Die Champions der ersten schwäbischen Mostmeisterschaft sind gekürt!

Wer macht den besten Most zwischen Alb, Neckar, Schönbuch und Heckengäu? Dieser Frage ging der Verein Schwäbisches Streuobstparadies e. V. am 22.06.2017 in der „Alten Turnhalle“ in Herrenberg nach. Die ersten Plätze der drei Kategorien gehen in die Landkreise Böblingen und Tübingen.
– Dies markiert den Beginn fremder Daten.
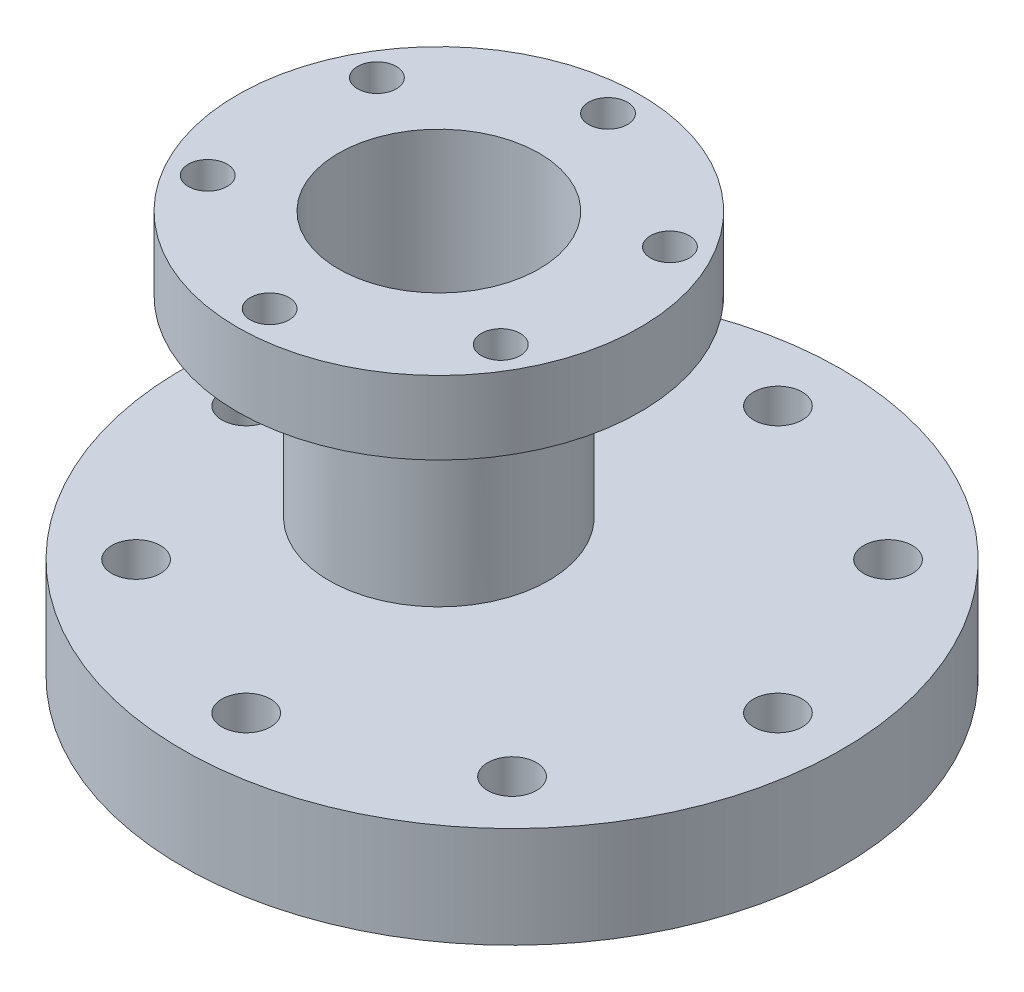
ISO-10303-21;
HEADER;
FILE_DESCRIPTION(('STEP AP214'),'2;1');
FILE_NAME('part.step','',(''),(''),'','','');
FILE_SCHEMA(('AUTOMOTIVE_DESIGN { 1 0 10303 214 1 1 1 1 }'));
ENDSEC;
DATA;
#1=APPLICATION_CONTEXT('core data for automotive mechanical design processes');
#2=APPLICATION_PROTOCOL_DEFINITION('international standard','automotive_design',2000,#1);
#3=PRODUCT_CONTEXT('',#1,'mechanical');
#4=PRODUCT('Part','Part','',(#3));
#5=PRODUCT_RELATED_PRODUCT_CATEGORY('part','',(#4));
#6=PRODUCT_DEFINITION_FORMATION('','',#4);
#7=PRODUCT_DEFINITION_CONTEXT('part definition',#1,'design');
#8=PRODUCT_DEFINITION('design','',#6,#7);
#9=PRODUCT_DEFINITION_SHAPE('','',#8);
#10=(LENGTH_UNIT() NAMED_UNIT(*) SI_UNIT(.MILLI.,.METRE.));
#11=(NAMED_UNIT(*) PLANE_ANGLE_UNIT() SI_UNIT($,.RADIAN.));
#12=(NAMED_UNIT(*) SI_UNIT($,.STERADIAN.) SOLID_ANGLE_UNIT());
#13=UNCERTAINTY_MEASURE_WITH_UNIT(LENGTH_MEASURE(1.E-05),#10,'distance_accuracy_value','');
#14=(GEOMETRIC_REPRESENTATION_CONTEXT(3) GLOBAL_UNCERTAINTY_ASSIGNED_CONTEXT((#13)) GLOBAL_UNIT_ASSIGNED_CONTEXT((#10,
#11,#12)) REPRESENTATION_CONTEXT('',''));
#15=CARTESIAN_POINT('',(0.,0.,0.));
#16=DIRECTION('',(0.,0.,1.));
#17=DIRECTION('',(1.,0.,0.));
#18=AXIS2_PLACEMENT_3D('',#15,#16,#17);
#19=CARTESIAN_POINT('',(12.7,-16.637,0.));
#20=DIRECTION('',(0.,-1.,0.));
#21=DIRECTION('',(0.,0.,-1.));
#22=AXIS2_PLACEMENT_3D('',#19,#20,#21);
#23=PLANE('',#22);
#24=CARTESIAN_POINT('',(58.801,-16.637,4.82253126321552E-13));
#25=DIRECTION('',(0.,-1.,0.));
#26=DIRECTION('',(0.,0.,-1.));
#27=AXIS2_PLACEMENT_3D('',#24,#25,#26);
#28=CIRCLE('',#27,4.2164);
#29=CARTESIAN_POINT('',(58.801,-16.637,-4.21639999999951));
#30=VERTEX_POINT('',#29);
#31=EDGE_CURVE('E133',#30,#30,#28,.T.);
#32=ORIENTED_EDGE('',*,*,#31,.T.);
#33=EDGE_LOOP('',(#32));
#34=FACE_BOUND('',#33,.T.);
#35=CARTESIAN_POINT('',(12.7000000000003,-16.637,-46.101));
#36=DIRECTION('',(0.,-1.,0.));
#37=DIRECTION('',(-1.,0.,0.));
#38=AXIS2_PLACEMENT_3D('',#35,#36,#37);
#39=CIRCLE('',#38,4.2164);
#40=CARTESIAN_POINT('',(8.48360000000033,-16.637,-46.101));
#41=VERTEX_POINT('',#40);
#42=EDGE_CURVE('E121',#41,#41,#39,.T.);
#43=ORIENTED_EDGE('',*,*,#42,.T.);
#44=EDGE_LOOP('',(#43));
#45=FACE_BOUND('',#44,.T.);
#46=CARTESIAN_POINT('',(-33.401,-16.637,-1.61329283265843E-13));
#47=DIRECTION('',(0.,-1.,0.));
#48=DIRECTION('',(0.,0.,1.));
#49=AXIS2_PLACEMENT_3D('',#46,#47,#48);
#50=CIRCLE('',#49,4.2164);
#51=CARTESIAN_POINT('',(-33.401,-16.637,4.21639999999984));
#52=VERTEX_POINT('',#51);
#53=EDGE_CURVE('E109',#52,#52,#50,.T.);
#54=ORIENTED_EDGE('',*,*,#53,.T.);
#55=EDGE_LOOP('',(#54));
#56=FACE_BOUND('',#55,.T.);
#57=CARTESIAN_POINT('',(12.7,-16.637,46.101));
#58=DIRECTION('',(0.,-1.,0.));
#59=DIRECTION('',(1.,0.,0.));
#60=AXIS2_PLACEMENT_3D('',#57,#58,#59);
#61=CIRCLE('',#60,4.2164);
#62=CARTESIAN_POINT('',(16.9164,-16.637,46.101));
#63=VERTEX_POINT('',#62);
#64=EDGE_CURVE('E97',#63,#63,#61,.T.);
#65=ORIENTED_EDGE('',*,*,#64,.T.);
#66=EDGE_LOOP('',(#65));
#67=FACE_BOUND('',#66,.T.);
#68=CARTESIAN_POINT('',(12.7,-16.637,0.));
#69=DIRECTION('',(0.,-1.,0.));
#70=DIRECTION('',(0.,0.,-1.));
#71=AXIS2_PLACEMENT_3D('',#68,#69,#70);
#72=CIRCLE('',#71,57.15);
#73=CARTESIAN_POINT('',(12.7,-16.637,-57.15));
#74=VERTEX_POINT('',#73);
#75=EDGE_CURVE('E49',#74,#74,#72,.T.);
#76=ORIENTED_EDGE('',*,*,#75,.F.);
#77=EDGE_LOOP('',(#76));
#78=FACE_BOUND('',#77,.T.);
#79=CARTESIAN_POINT('',(0.,-16.637,0.));
#80=DIRECTION('',(0.,-1.,0.));
#81=DIRECTION('',(0.,0.,-1.));
#82=AXIS2_PLACEMENT_3D('',#79,#80,#81);
#83=CIRCLE('',#82,19.05);
#84=CARTESIAN_POINT('',(0.,-16.637,-19.05));
#85=VERTEX_POINT('',#84);
#86=EDGE_CURVE('E44',#85,#85,#83,.T.);
#87=ORIENTED_EDGE('',*,*,#86,.T.);
#88=EDGE_LOOP('',(#87));
#89=FACE_BOUND('',#88,.T.);
#90=CARTESIAN_POINT('',(-19.8983297194811,-16.637,32.598329719481));
#91=DIRECTION('',(0.,-1.,0.));
#92=DIRECTION('',(0.707106781186546,0.,0.707106781186549));
#93=AXIS2_PLACEMENT_3D('',#90,#91,#92);
#94=CIRCLE('',#93,4.2164);
#95=CARTESIAN_POINT('',(-16.9168846872861,-16.637,35.5797747516759));
#96=VERTEX_POINT('',#95);
#97=EDGE_CURVE('E103',#96,#96,#94,.T.);
#98=ORIENTED_EDGE('',*,*,#97,.T.);
#99=EDGE_LOOP('',(#98));
#100=FACE_BOUND('',#99,.T.);
#101=CARTESIAN_POINT('',(-19.8983297194809,-16.637,-32.5983297194812));
#102=DIRECTION('',(0.,-1.,0.));
#103=DIRECTION('',(-0.707106781186551,0.,0.707106781186544));
#104=AXIS2_PLACEMENT_3D('',#101,#102,#103);
#105=CIRCLE('',#104,4.2164);
#106=CARTESIAN_POINT('',(-22.8797747516758,-16.637,-29.6168846872863));
#107=VERTEX_POINT('',#106);
#108=EDGE_CURVE('E115',#107,#107,#105,.T.);
#109=ORIENTED_EDGE('',*,*,#108,.T.);
#110=EDGE_LOOP('',(#109));
#111=FACE_BOUND('',#110,.T.);
#112=CARTESIAN_POINT('',(45.2983297194813,-16.637,-32.5983297194807));
#113=DIRECTION('',(0.,-1.,0.));
#114=DIRECTION('',(-0.707106781186541,0.,-0.707106781186554));
#115=AXIS2_PLACEMENT_3D('',#112,#113,#114);
#116=CIRCLE('',#115,4.2164);
#117=CARTESIAN_POINT('',(42.3168846872864,-16.637,-35.5797747516757));
#118=VERTEX_POINT('',#117);
#119=EDGE_CURVE('E127',#118,#118,#116,.T.);
#120=ORIENTED_EDGE('',*,*,#119,.T.);
#121=EDGE_LOOP('',(#120));
#122=FACE_BOUND('',#121,.T.);
#123=CARTESIAN_POINT('',(45.2983297194806,-16.637,32.5983297194814));
#124=DIRECTION('',(0.,-1.,0.));
#125=DIRECTION('',(0.707106781186556,0.,-0.707106781186539));
#126=AXIS2_PLACEMENT_3D('',#123,#124,#125);
#127=CIRCLE('',#126,4.2164);
#128=CARTESIAN_POINT('',(48.2797747516756,-16.637,29.6168846872865));
#129=VERTEX_POINT('',#128);
#130=EDGE_CURVE('E139',#129,#129,#127,.T.);
#131=ORIENTED_EDGE('',*,*,#130,.T.);
#132=EDGE_LOOP('',(#131));
#133=FACE_BOUND('',#132,.T.);
#134=ADVANCED_FACE('F28',(#34,#45,#56,#67,#78,#89,#100,#111,#122,#133),#23,.F.);
#135=CARTESIAN_POINT('',(12.7,-34.163,0.));
#136=DIRECTION('',(0.,-1.,0.));
#137=DIRECTION('',(0.,0.,-1.));
#138=AXIS2_PLACEMENT_3D('',#135,#136,#137);
#139=PLANE('',#138);
#140=CARTESIAN_POINT('',(58.801,-34.163,4.82253126321552E-13));
#141=DIRECTION('',(0.,-1.,0.));
#142=DIRECTION('',(0.,0.,-1.));
#143=AXIS2_PLACEMENT_3D('',#140,#141,#142);
#144=CIRCLE('',#143,4.2164);
#145=CARTESIAN_POINT('',(58.801,-34.163,-4.21639999999951));
#146=VERTEX_POINT('',#145);
#147=EDGE_CURVE('E130',#146,#146,#144,.T.);
#148=ORIENTED_EDGE('',*,*,#147,.F.);
#149=EDGE_LOOP('',(#148));
#150=FACE_BOUND('',#149,.T.);
#151=CARTESIAN_POINT('',(12.7000000000003,-34.163,-46.101));
#152=DIRECTION('',(0.,-1.,0.));
#153=DIRECTION('',(-1.,0.,0.));
#154=AXIS2_PLACEMENT_3D('',#151,#152,#153);
#155=CIRCLE('',#154,4.2164);
#156=CARTESIAN_POINT('',(8.48360000000033,-34.163,-46.101));
#157=VERTEX_POINT('',#156);
#158=EDGE_CURVE('E118',#157,#157,#155,.T.);
#159=ORIENTED_EDGE('',*,*,#158,.F.);
#160=EDGE_LOOP('',(#159));
#161=FACE_BOUND('',#160,.T.);
#162=CARTESIAN_POINT('',(-33.401,-34.163,-1.61329283265843E-13));
#163=DIRECTION('',(0.,-1.,0.));
#164=DIRECTION('',(0.,0.,1.));
#165=AXIS2_PLACEMENT_3D('',#162,#163,#164);
#166=CIRCLE('',#165,4.2164);
#167=CARTESIAN_POINT('',(-33.401,-34.163,4.21639999999984));
#168=VERTEX_POINT('',#167);
#169=EDGE_CURVE('E106',#168,#168,#166,.T.);
#170=ORIENTED_EDGE('',*,*,#169,.F.);
#171=EDGE_LOOP('',(#170));
#172=FACE_BOUND('',#171,.T.);
#173=CARTESIAN_POINT('',(12.7,-34.163,46.101));
#174=DIRECTION('',(0.,-1.,0.));
#175=DIRECTION('',(1.,0.,0.));
#176=AXIS2_PLACEMENT_3D('',#173,#174,#175);
#177=CIRCLE('',#176,4.2164);
#178=CARTESIAN_POINT('',(16.9164,-34.163,46.101));
#179=VERTEX_POINT('',#178);
#180=EDGE_CURVE('E94',#179,#179,#177,.T.);
#181=ORIENTED_EDGE('',*,*,#180,.F.);
#182=EDGE_LOOP('',(#181));
#183=FACE_BOUND('',#182,.T.);
#184=CARTESIAN_POINT('',(0.,-34.163,0.));
#185=DIRECTION('',(0.,-1.,0.));
#186=DIRECTION('',(0.,0.,-1.));
#187=AXIS2_PLACEMENT_3D('',#184,#185,#186);
#188=CIRCLE('',#187,17.399);
#189=CARTESIAN_POINT('',(0.,-34.163,-17.399));
#190=VERTEX_POINT('',#189);
#191=EDGE_CURVE('E57',#190,#190,#188,.T.);
#192=ORIENTED_EDGE('',*,*,#191,.F.);
#193=EDGE_LOOP('',(#192));
#194=FACE_BOUND('',#193,.T.);
#195=CARTESIAN_POINT('',(12.7,-34.163,0.));
#196=DIRECTION('',(0.,-1.,0.));
#197=DIRECTION('',(0.,0.,-1.));
#198=AXIS2_PLACEMENT_3D('',#195,#196,#197);
#199=CIRCLE('',#198,57.15);
#200=CARTESIAN_POINT('',(12.7,-34.163,-57.15));
#201=VERTEX_POINT('',#200);
#202=EDGE_CURVE('E48',#201,#201,#199,.T.);
#203=ORIENTED_EDGE('',*,*,#202,.T.);
#204=EDGE_LOOP('',(#203));
#205=FACE_BOUND('',#204,.T.);
#206=CARTESIAN_POINT('',(-19.8983297194811,-34.163,32.598329719481));
#207=DIRECTION('',(0.,-1.,0.));
#208=DIRECTION('',(0.707106781186546,0.,0.707106781186549));
#209=AXIS2_PLACEMENT_3D('',#206,#207,#208);
#210=CIRCLE('',#209,4.2164);
#211=CARTESIAN_POINT('',(-16.9168846872861,-34.163,35.5797747516759));
#212=VERTEX_POINT('',#211);
#213=EDGE_CURVE('E100',#212,#212,#210,.T.);
#214=ORIENTED_EDGE('',*,*,#213,.F.);
#215=EDGE_LOOP('',(#214));
#216=FACE_BOUND('',#215,.T.);
#217=CARTESIAN_POINT('',(-19.8983297194809,-34.163,-32.5983297194812));
#218=DIRECTION('',(0.,-1.,0.));
#219=DIRECTION('',(-0.707106781186551,0.,0.707106781186544));
#220=AXIS2_PLACEMENT_3D('',#217,#218,#219);
#221=CIRCLE('',#220,4.2164);
#222=CARTESIAN_POINT('',(-22.8797747516758,-34.163,-29.6168846872863));
#223=VERTEX_POINT('',#222);
#224=EDGE_CURVE('E112',#223,#223,#221,.T.);
#225=ORIENTED_EDGE('',*,*,#224,.F.);
#226=EDGE_LOOP('',(#225));
#227=FACE_BOUND('',#226,.T.);
#228=CARTESIAN_POINT('',(45.2983297194813,-34.163,-32.5983297194807));
#229=DIRECTION('',(0.,-1.,0.));
#230=DIRECTION('',(-0.707106781186541,0.,-0.707106781186554));
#231=AXIS2_PLACEMENT_3D('',#228,#229,#230);
#232=CIRCLE('',#231,4.2164);
#233=CARTESIAN_POINT('',(42.3168846872864,-34.163,-35.5797747516757));
#234=VERTEX_POINT('',#233);
#235=EDGE_CURVE('E124',#234,#234,#232,.T.);
#236=ORIENTED_EDGE('',*,*,#235,.F.);
#237=EDGE_LOOP('',(#236));
#238=FACE_BOUND('',#237,.T.);
#239=CARTESIAN_POINT('',(45.2983297194806,-34.163,32.5983297194814));
#240=DIRECTION('',(0.,-1.,0.));
#241=DIRECTION('',(0.707106781186556,0.,-0.707106781186539));
#242=AXIS2_PLACEMENT_3D('',#239,#240,#241);
#243=CIRCLE('',#242,4.2164);
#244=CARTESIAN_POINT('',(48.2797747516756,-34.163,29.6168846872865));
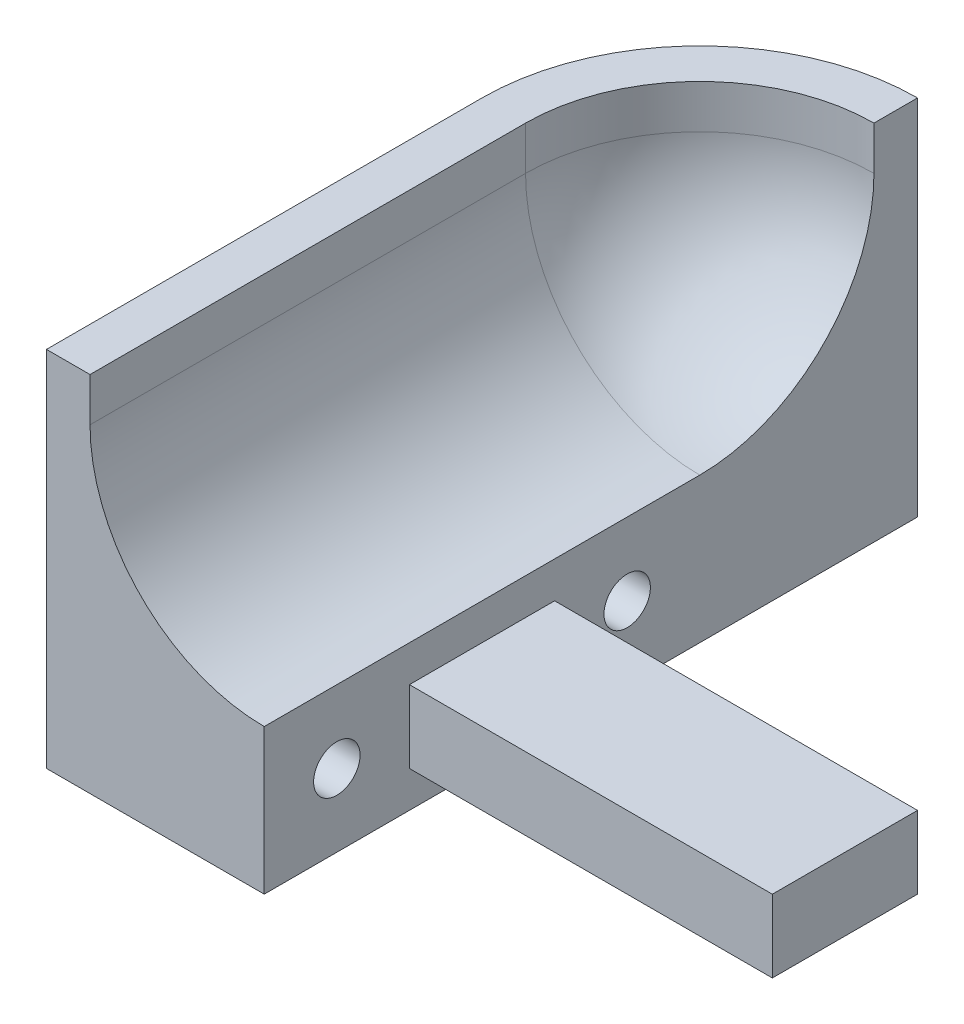
ISO-10303-21;
HEADER;
FILE_DESCRIPTION(('STEP AP214'),'2;1');
FILE_NAME('part.step','',(''),(''),'','','');
FILE_SCHEMA(('AUTOMOTIVE_DESIGN { 1 0 10303 214 1 1 1 1 }'));
ENDSEC;
DATA;
#1=APPLICATION_CONTEXT('core data for automotive mechanical design processes');
#2=APPLICATION_PROTOCOL_DEFINITION('international standard','automotive_design',2000,#1);
#3=PRODUCT_CONTEXT('',#1,'mechanical');
#4=PRODUCT('Part','Part','',(#3));
#5=PRODUCT_RELATED_PRODUCT_CATEGORY('part','',(#4));
#6=PRODUCT_DEFINITION_FORMATION('','',#4);
#7=PRODUCT_DEFINITION_CONTEXT('part definition',#1,'design');
#8=PRODUCT_DEFINITION('design','',#6,#7);
#9=PRODUCT_DEFINITION_SHAPE('','',#8);
#10=(LENGTH_UNIT() NAMED_UNIT(*) SI_UNIT(.MILLI.,.METRE.));
#11=(NAMED_UNIT(*) PLANE_ANGLE_UNIT() SI_UNIT($,.RADIAN.));
#12=(NAMED_UNIT(*) SI_UNIT($,.STERADIAN.) SOLID_ANGLE_UNIT());
#13=UNCERTAINTY_MEASURE_WITH_UNIT(LENGTH_MEASURE(1.E-05),#10,'distance_accuracy_value','');
#14=(GEOMETRIC_REPRESENTATION_CONTEXT(3) GLOBAL_UNCERTAINTY_ASSIGNED_CONTEXT((#13)) GLOBAL_UNIT_ASSIGNED_CONTEXT((#10,
#11,#12)) REPRESENTATION_CONTEXT('',''));
#15=CARTESIAN_POINT('',(0.,0.,0.));
#16=DIRECTION('',(0.,0.,1.));
#17=DIRECTION('',(1.,0.,0.));
#18=AXIS2_PLACEMENT_3D('',#15,#16,#17);
#19=CARTESIAN_POINT('',(0.,10.,0.));
#20=DIRECTION('',(1.,0.,0.));
#21=DIRECTION('',(0.,0.,-1.));
#22=AXIS2_PLACEMENT_3D('',#19,#20,#21);
#23=PLANE('',#22);
#24=DIRECTION('',(0.,0.,1.));
#25=VECTOR('',#24,1.);
#26=CARTESIAN_POINT('',(0.,0.,0.));
#27=LINE('',#26,#25);
#28=CARTESIAN_POINT('',(0.,0.,-30.));
#29=VERTEX_POINT('',#28);
#30=CARTESIAN_POINT('',(0.,0.,0.));
#31=VERTEX_POINT('',#30);
#32=EDGE_CURVE('E436',#29,#31,#27,.T.);
#33=ORIENTED_EDGE('',*,*,#32,.T.);
#34=DIRECTION('',(0.,-1.,0.));
#35=VECTOR('',#34,1.);
#36=CARTESIAN_POINT('',(0.,10.,0.));
#37=LINE('',#36,#35);
#38=CARTESIAN_POINT('',(0.,25.,0.));
#39=VERTEX_POINT('',#38);
#40=EDGE_CURVE('E451',#39,#31,#37,.T.);
#41=ORIENTED_EDGE('',*,*,#40,.F.);
#42=DIRECTION('',(0.,0.,1.));
#43=VECTOR('',#42,1.);
#44=CARTESIAN_POINT('',(0.,25.,-30.));
#45=LINE('',#44,#43);
#46=CARTESIAN_POINT('',(0.,25.,-30.));
#47=VERTEX_POINT('',#46);
#48=EDGE_CURVE('E413',#47,#39,#45,.T.);
#49=ORIENTED_EDGE('',*,*,#48,.F.);
#50=DIRECTION('',(0.,-1.,0.));
#51=VECTOR('',#50,1.);
#52=CARTESIAN_POINT('',(0.,10.,-30.));
#53=LINE('',#52,#51);
#54=EDGE_CURVE('E447',#47,#29,#53,.T.);
#55=ORIENTED_EDGE('',*,*,#54,.T.);
#56=EDGE_LOOP('',(#33,#41,#49,#55));
#57=FACE_BOUND('',#56,.T.);
#58=DIRECTION('',(0.,0.,1.));
#59=VECTOR('',#58,1.);
#60=CARTESIAN_POINT('',(0.,2.40192378864668,-3.5));
#61=LINE('',#60,#59);
#62=CARTESIAN_POINT('',(0.,2.40192378864668,-6.5));
#63=VERTEX_POINT('',#62);
#64=CARTESIAN_POINT('',(0.,2.40192378864668,-3.5));
#65=VERTEX_POINT('',#64);
#66=EDGE_CURVE('E297',#63,#65,#61,.T.);
#67=ORIENTED_EDGE('',*,*,#66,.F.);
#68=DIRECTION('',(0.,-0.866025403784439,0.5));
#69=VECTOR('',#68,1.);
#70=CARTESIAN_POINT('',(0.,2.40192378864668,-6.5));
#71=LINE('',#70,#69);
#72=CARTESIAN_POINT('',(0.,5.,-8.));
#73=VERTEX_POINT('',#72);
#74=EDGE_CURVE('E64',#73,#63,#71,.T.);
#75=ORIENTED_EDGE('',*,*,#74,.F.);
#76=DIRECTION('',(0.,-0.866025403784439,-0.5));
#77=VECTOR('',#76,1.);
#78=CARTESIAN_POINT('',(0.,5.,-8.));
#79=LINE('',#78,#77);
#80=CARTESIAN_POINT('',(0.,7.59807621135332,-6.5));
#81=VERTEX_POINT('',#80);
#82=EDGE_CURVE('E274',#81,#73,#79,.T.);
#83=ORIENTED_EDGE('',*,*,#82,.F.);
#84=DIRECTION('',(0.,0.,-1.));
#85=VECTOR('',#84,1.);
#86=CARTESIAN_POINT('',(0.,7.59807621135332,-6.5));
#87=LINE('',#86,#85);
#88=CARTESIAN_POINT('',(0.,7.59807621135331,-3.5));
#89=VERTEX_POINT('',#88);
#90=EDGE_CURVE('E309',#89,#81,#87,.T.);
#91=ORIENTED_EDGE('',*,*,#90,.F.);
#92=DIRECTION('',(0.,0.866025403784439,-0.5));
#93=VECTOR('',#92,1.);
#94=CARTESIAN_POINT('',(0.,7.59807621135331,-3.5));
#95=LINE('',#94,#93);
#96=CARTESIAN_POINT('',(0.,5.,-2.));
#97=VERTEX_POINT('',#96);
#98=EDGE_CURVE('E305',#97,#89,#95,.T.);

Die vielen kreisweiten Most-Prämierungen im Hobbybereich sprechen für sich. Der schwäbische Most, ein Naturprodukt aus den heimischen Streuobstwiesen, findet wieder Anklang in der Bevölkerung. Und auch in die Regale des Einzelhandels und der Direktvermarkter findet das schwäbische Nationalgetränk wieder seinen Weg - ob traditionell oder in neuen fruchtigen Varianten, für jeden ist etwas dabei.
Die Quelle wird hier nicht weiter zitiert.